I looked at Olivia’s cute smile and did what any self respecting Nanny would do.  I relented and handed them both their packets of nik-naks (crisps) that in an ideal world, were supposed to be for after Messy Play at the local church.

“Fank you Nanny”  piped up Annie as the first handful disappeared from view into her mouth leaving a smear of orange flavouring across her chin.

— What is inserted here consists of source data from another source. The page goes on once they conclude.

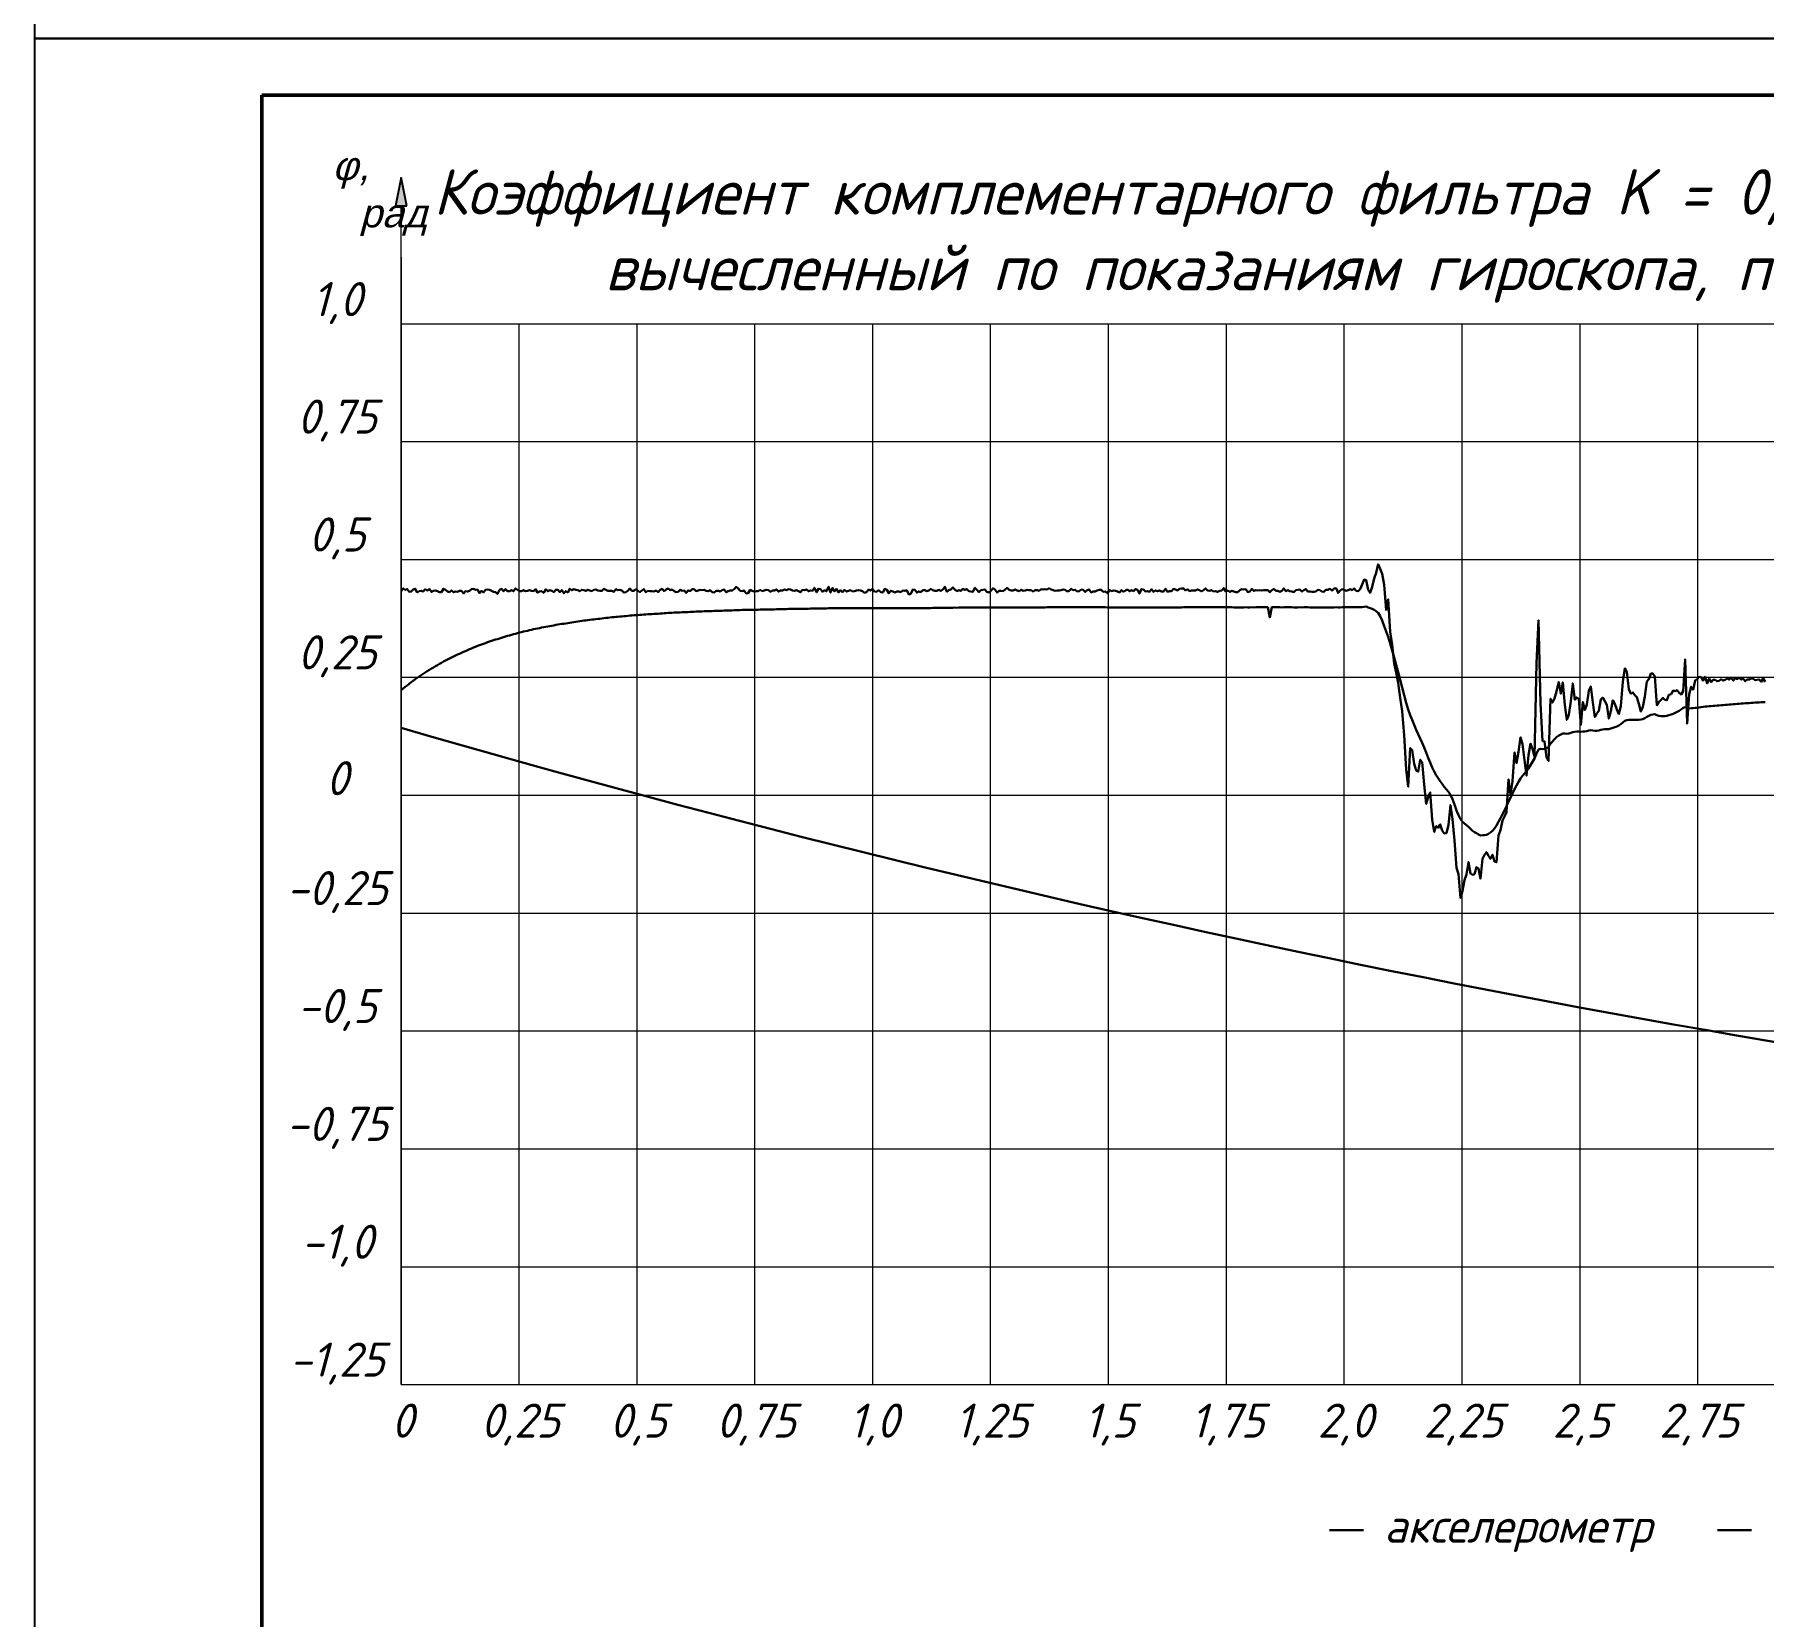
# Model space of a CAD drawing. Header units: inches. Extents: x -14 to 5184, y -66 to 1689.
# Drawn here: x 4590.1 to 4742.2, y 696.4 to 835.6 of the extents above; entities that cross this region are included whole.
import ezdxf

# ---------------------------------------------------------------- set-up
doc = ezdxf.new("R2010")
doc.units = ezdxf.units.IN
doc.header["$MEASUREMENT"] = 0
doc.layers.add('Видимые тонкие (ГОСТ)', color=7, linetype='Continuous', lineweight=25)
doc.layers.add('Видимый контур (ГОСТ)', color=7, linetype='Continuous', lineweight=50)
doc.styles.add('Standart 3.0', font='gost_b.ttf', dxfattribs={"oblique": 15, "height": 3})

msp = doc.modelspace()

# ---------------------------------------------------------------- hatches: boundary and pattern name
at = {"layer": 'Видимые тонкие (ГОСТ)'}
h = msp.add_hatch(color=254, dxfattribs=at)
h.dxf.hatch_style = 1
h.paths.add_polyline_path([(4622.8323, 820.5085), (4622.3323, 820.5085), (4622.3323, 823.0085)])
h.paths.add_polyline_path([(4622.3323, 823.0085), (4622.3323, 820.5085), (4621.8323, 820.5085)])

# ---------------------------------------------------------------- linework, layer by layer
at = {"layer": 'Видимые тонкие (ГОСТ)', "transparency": 33554684}
for p, q in [((4590.0592, 1255.2356), (4590.0592, 835.2356)), ((4590.0592, 835.2356), (5184.0592, 835.2356)), ((4590.0592, 835.2356), (5184.0592, 835.2356)), ((4590.0592, 835.2356), (5184.0592, 835.2356)), ((5184.0592, 835.2356), (4590.0592, 835.2356)), ((4590.0592, 835.2356), (4590.0592, 415.2356))]:
    msp.add_line(p, q, dxfattribs=at)
at = {"layer": 'Видимые тонкие (ГОСТ)', "color": 254}
for p, q in [((4622.3323, 823.0085), (4621.8323, 820.5085)), ((4622.8323, 820.5085), (4622.3323, 823.0085)), ((4621.8323, 820.5085), (4622.8323, 820.5085))]:
    msp.add_line(p, q, dxfattribs=at)
at = {"layer": 'Видимые тонкие (ГОСТ)', "color": 254, "lineweight": 18, "ltscale": 0.5}
for p, q in [((4622.3323, 810.1335), (4622.3323, 820.5085)), ((4622.3323, 815.9781), (4622.3323, 716.7585)), ((4622.3323, 799.7585), (4622.3323, 810.1335)), ((4622.3323, 747.8835), (4622.3323, 727.1335))]:
    msp.add_line(p, q, dxfattribs=at)
at = {"layer": 'Видимые тонкие (ГОСТ)', "color": 254, "lineweight": 18}
for points in [[(4622.3323, 716.7585), (4622.3323, 815.9781)], [(4622.3323, 810.1335), (4881.7073, 810.1335)], [(4632.7073, 716.7585), (4632.7073, 810.1335)], [(4643.0823, 716.7585), (4643.0823, 810.1335)], [(4653.4573, 716.7585), (4653.4573, 810.1335)], [(4663.8323, 716.7585), (4663.8323, 810.1335)], [(4674.2073, 716.7585), (4674.2073, 810.1335)], [(4684.5823, 716.7585), (4684.5823, 810.1335)], [(4694.9573, 716.7585), (4694.9573, 810.1335)], [(4694.9573, 716.7585), (4694.9573, 810.1335)], [(4705.3323, 716.7585), (4705.3323, 810.1335)], [(4705.3323, 716.7585), (4705.3323, 810.1335)], [(4715.7073, 716.7585), (4715.7073, 810.1335)], [(4715.7073, 716.7585), (4715.7073, 810.1335)], [(4726.0823, 716.7585), (4726.0823, 810.1335)], [(4736.4573, 716.7585), (4736.4573, 810.1335)], [(4622.3323, 799.7585), (4881.7073, 799.7585)], [(4643.0823, 716.7585), (4643.0823, 799.7585)], [(4653.4573, 716.7585), (4653.4573, 799.7585)], [(4663.8323, 716.7585), (4663.8323, 799.7585)], [(4674.2073, 716.7585), (4674.2073, 799.7585)], [(4684.5823, 716.7585), (4684.5823, 799.7585)], [(4726.0823, 716.7585), (4726.0823, 799.7585)], [(4736.4573, 716.7585), (4736.4573, 799.7585)], [(4622.3323, 789.3835), (4877.5823, 789.3835)], [(4622.3323, 789.3835), (4877.5823, 789.3835)], [(4622.3323, 789.3835), (4881.7073, 789.3835)], [(4622.3323, 779.0085), (4881.7073, 779.0085)], [(4622.3323, 768.6335), (4881.7073, 768.6335)], [(4622.3323, 758.2585), (4881.7073, 758.2585)], [(4622.3323, 747.8835), (4881.7073, 747.8835)], [(4622.3323, 747.8835), (4881.7073, 747.8835)], [(4622.3323, 737.5085), (4881.7073, 737.5085)], [(4622.3323, 727.1335), (4881.7073, 727.1335)], [(4622.3323, 727.1335), (4881.7073, 727.1335)], [(4622.3323, 716.7585), (4881.7073, 716.7585)], [(4622.3323, 716.7585), (4881.7073, 716.7585)], [(4622.3323, 716.7585), (4881.7073, 716.7585)]]:
    msp.add_lwpolyline(points, dxfattribs=at)
at = {"layer": 'Видимый контур (ГОСТ)', "transparency": 33554684}
for p, q in [((5179.0592, 830.2356), (4610.0592, 830.2356)), ((4610.0592, 830.2356), (4610.0592, 420.2356))]:
    msp.add_line(p, q, dxfattribs=at)
at = {"layer": 'Видимый контур (ГОСТ)', "ltscale": 0.5}
msp.add_line((4610.0592, 830.2356), (4610.0592, 556.9022), dxfattribs=at)
msp.add_lwpolyline([(4610.0592, 830.2356), (4894.5592, 830.2356), (4894.5592, 693.5689), (4610.0592, 693.5689)], close=True, dxfattribs=at)
at = {"layer": 'Видимый контур (ГОСТ)', "color": 163, "lineweight": 30, "true_color": 0x4285f4}
for points in [[(4622.3323, 786.587), (4622.5089, 786.8408), (4622.6854, 786.6947), (4622.862, 786.7817), (4623.0385, 786.5418), (4623.2151, 786.5487), (4623.3916, 786.7434), (4623.5682, 786.799), (4623.7448, 786.4861), (4623.9213, 786.58), (4624.0979, 786.6322), (4624.2744, 786.5626), (4624.451, 786.7643), (4624.6275, 786.6495), (4624.8041, 786.7782), (4624.9806, 786.5279), (4625.1572, 786.6252), (4625.3337, 786.6461), (4625.5103, 786.58), (4625.6868, 786.4966), (4625.8634, 786.507), (4626.0399, 786.799), (4626.2165, 786.6947), (4626.393, 786.5731), (4626.5696, 786.5105), (4626.7462, 786.66), (4626.9227, 786.4896), (4627.0993, 786.5522), (4627.2758, 786.5383), (4627.4524, 786.6217), (4627.6289, 786.6113), (4627.8055, 786.3888), (4627.982, 786.5904), (4628.1586, 786.5522), (4628.3351, 786.6217), (4628.5117, 786.7712), (4628.6882, 786.7851), (4628.8648, 786.7191), (4629.0413, 786.733), (4629.2179, 786.4236), (4629.3945, 786.6183), (4629.571, 786.4757), (4629.7476, 786.7121), (4629.9241, 786.7295), (4630.1007, 786.7017), (4630.2772, 786.6078), (4630.4538, 786.5244), (4630.6303, 786.5105), (4630.8069, 786.3471), (4630.9834, 786.7225), (4631.16, 786.7921), (4631.3365, 786.5904), (4631.5131, 786.7747), (4631.6896, 786.5835), (4631.8662, 786.6043), (4632.0427, 786.6704), (4632.2193, 786.5904), (4632.3959, 786.8408), (4632.5724, 786.7121), (4632.749, 786.6043), (4632.9255, 786.6043), (4633.1021, 786.6913), (4633.2786, 786.6043), (4633.4552, 786.6217), (4633.6317, 786.6774), (4633.8083, 786.6183), (4633.9848, 786.6043), (4634.1614, 786.7677), (4634.3379, 786.4618), (4634.5145, 786.5557), (4634.691, 786.5974), (4634.8676, 786.4375), (4635.0442, 786.7538), (4635.2207, 786.58), (4635.3973, 786.6739), (4635.5738, 786.6148), (4635.7504, 786.507), (4635.9269, 786.7156), (4636.1035, 786.7225), (4636.28, 786.5105), (4636.4566, 786.6913), (4636.6331, 786.4062), (4636.8097, 786.5974), (4636.9862, 786.4827), (4637.1628, 786.8095), (4637.3393, 786.6669), (4637.5159, 786.7782), (4637.6924, 786.7121), (4637.869, 786.6739), (4638.0456, 786.5835), (4638.2221, 786.7121), (4638.3987, 786.6913), (4638.5752, 786.6078), (4638.7518, 786.7121), (4638.9283, 786.653), (4639.1049, 786.6043), (4639.2814, 786.7017), (4639.458, 786.7365), (4639.6345, 786.6426), (4639.8111, 786.6078), (4639.9876, 786.6148), (4640.1642, 786.8095), (4640.3407, 786.7052), (4640.5173, 786.6217), (4640.6939, 786.6356), (4640.8704, 786.6322), (4641.047, 786.5418), (4641.2235, 786.7677), (4641.4001, 786.6843), (4641.5766, 786.7086), (4641.7532, 786.6565), (4641.9297, 786.4653), (4642.1063, 786.507), (4642.2828, 786.6287), (4642.4594, 786.8234), (4642.6359, 786.6322), (4642.8125, 786.6078), (4642.989, 786.7608), (4643.1656, 786.6183), (4643.3421, 786.5105), (4643.5187, 786.6461), (4643.6953, 786.7817), (4643.8718, 786.4931), (4644.0484, 786.6183), (4644.2249, 786.587), (4644.4015, 786.5974), (4644.578, 786.5661), (4644.7546, 786.6461), (4644.9311, 786.5105), (4645.1077, 786.7052), (4645.2842, 786.7921), (4645.4608, 786.6009), (4645.6373, 786.7295), (4645.8139, 786.8338), (4645.9904, 786.6878), (4646.167, 786.7295), (4646.3436, 786.5939), (4646.5201, 786.4931), (4646.6967, 786.5452), (4646.8732, 786.7156), (4647.0498, 786.6113), (4647.2263, 786.6495), (4647.4029, 786.434), (4647.5794, 786.653), (4647.756, 786.6009), (4647.9325, 786.7573), (4648.1091, 786.7608), (4648.2856, 786.5939), (4648.4622, 786.66), (4648.6387, 786.7086), (4648.8153, 786.6843), (4648.9918, 786.7052), (4649.1684, 786.6322), (4649.345, 786.5835), (4649.5215, 786.6739), (4649.6981, 786.5139), (4649.8746, 786.4861), (4650.0512, 786.6356), (4650.2277, 786.6113), (4650.4043, 786.5731), (4650.5808, 786.6704), (4650.7574, 786.7365), (4650.9339, 786.4896), (4651.1105, 786.5974), (4651.287, 786.653), (4651.4636, 786.6461), (4651.6401, 786.7817), (4651.8167, 786.959), (4651.9932, 786.8303), (4652.1698, 786.6356), (4652.3464, 786.5939), (4652.5229, 786.6495), (4652.6995, 786.3957), (4652.876, 786.4096), (4653.0526, 786.6982), (4653.2291, 786.6148), (4653.4057, 786.5731), (4653.5822, 786.5939), (4653.7588, 786.6043), (4653.9353, 786.7052), (4654.1119, 786.6009), (4654.2884, 786.6634), (4654.465, 786.7121), (4654.6415, 786.6878), (4654.8181, 786.5244), (4654.9947, 786.6495), (4655.1712, 786.653), (4655.3478, 786.7399), (4655.5243, 786.5522), (4655.7009, 786.6391), (4655.8774, 786.6426), (4656.054, 786.7295), (4656.2305, 786.6843), (4656.4071, 786.7817), (4656.5836, 786.7434), (4656.7602, 786.6495), (4656.9367, 786.6322), (4657.1133, 786.6739), (4657.2898, 786.6009), (4657.4664, 786.4966), (4657.6429, 786.7052), (4657.8195, 786.6808), (4657.9961, 786.7434), (4658.1726, 786.5835), (4658.3492, 786.6461), (4658.5257, 786.6252), (4658.7023, 786.886), (4658.8788, 786.4966), (4659.0554, 786.806), (4659.2319, 786.7747), (4659.4085, 786.5348), (4659.585, 786.6704), (4659.7616, 786.5904), (4659.9381, 786.9798), (4660.1147, 786.4722), (4660.2912, 786.8825), (4660.4678, 786.5626), (4660.6444, 786.7851), (4660.8209, 786.4861), (4660.9975, 786.6669), (4661.174, 786.5139), (4661.3506, 786.7017), (4661.5271, 786.5557), (4661.7037, 786.6356), (4661.8802, 786.6704), (4662.0568, 786.5661), (4662.2333, 786.5904), (4662.4099, 786.6495), (4662.5864, 786.6913), (4662.763, 786.6426), (4662.9395, 786.5974), (4663.1161, 786.4583), (4663.2926, 786.5035), (4663.4692, 786.726), (4663.6458, 786.6461), (4663.8223, 786.799), (4663.9989, 786.5626), (4664.1754, 786.5348), (4664.352, 786.6739), (4664.5285, 786.5105), (4664.7051, 786.4618), (4664.8816, 786.7886), (4665.0582, 786.7086), (4665.2347, 786.4131), (4665.4113, 786.6322), (4665.5878, 786.5522), (4665.7644, 786.4861), (4665.9409, 786.5591), (4666.1175, 786.5591), (4666.2941, 786.5174), (4666.4706, 786.6391), (4666.6472, 786.6113), (4666.8237, 786.6774), (4667.0003, 786.3088), (4667.1768, 786.3436), (4667.3534, 786.733), (4667.5299, 786.7156), (4667.7065, 786.4722), (4667.883, 786.5765), (4668.0596, 786.507), (4668.2361, 786.6739), (4668.4127, 786.6669), (4668.5892, 786.6043), (4668.7658, 786.6634), (4668.9423, 786.7956), (4669.1189, 786.6913), (4669.2955, 786.6252), (4669.472, 786.6183), (4669.6486, 786.6982), (4669.8251, 786.6183), (4670.0017, 786.7365), (4670.1782, 786.9798), (4670.3548, 786.5348), (4670.5313, 786.6704), (4670.7079, 786.7434), (4670.8844, 786.9172), (4671.061, 786.7504), (4671.2375, 786.6043), (4671.4141, 786.6774), (4671.5906, 786.6078), (4671.7672, 786.7886), (4671.9438, 786.6982), (4672.1203, 786.7817), (4672.2969, 786.5835), (4672.4734, 786.5557), (4672.65, 786.5279), (4672.8265, 786.8929), (4673.0031, 786.7121), (4673.1796, 786.5105), (4673.3562, 786.6774), (4673.5327, 786.7191), (4673.7093, 786.7365), (4673.8858, 786.5244), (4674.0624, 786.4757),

I knew there wouldn’t be another word spoken by Annie until she had finished her packet, but Olivia, being a little chatterbox, had the fabulous ability to eat and speak at the same time.  She also had the added talent of being able to spit various chewed contents of her mouth onto the back of my leather passenger seat.  Words beginning with ‘P’ or ‘S’ were the ones I dreaded the most as they gave a particularly spectacular spray across the interior.   I made a mental note to wipe it down after our little jaunt lest it should harden and remain there for all eternity – or at least until I decided to sell the car and give it its first clean since the initial purchase.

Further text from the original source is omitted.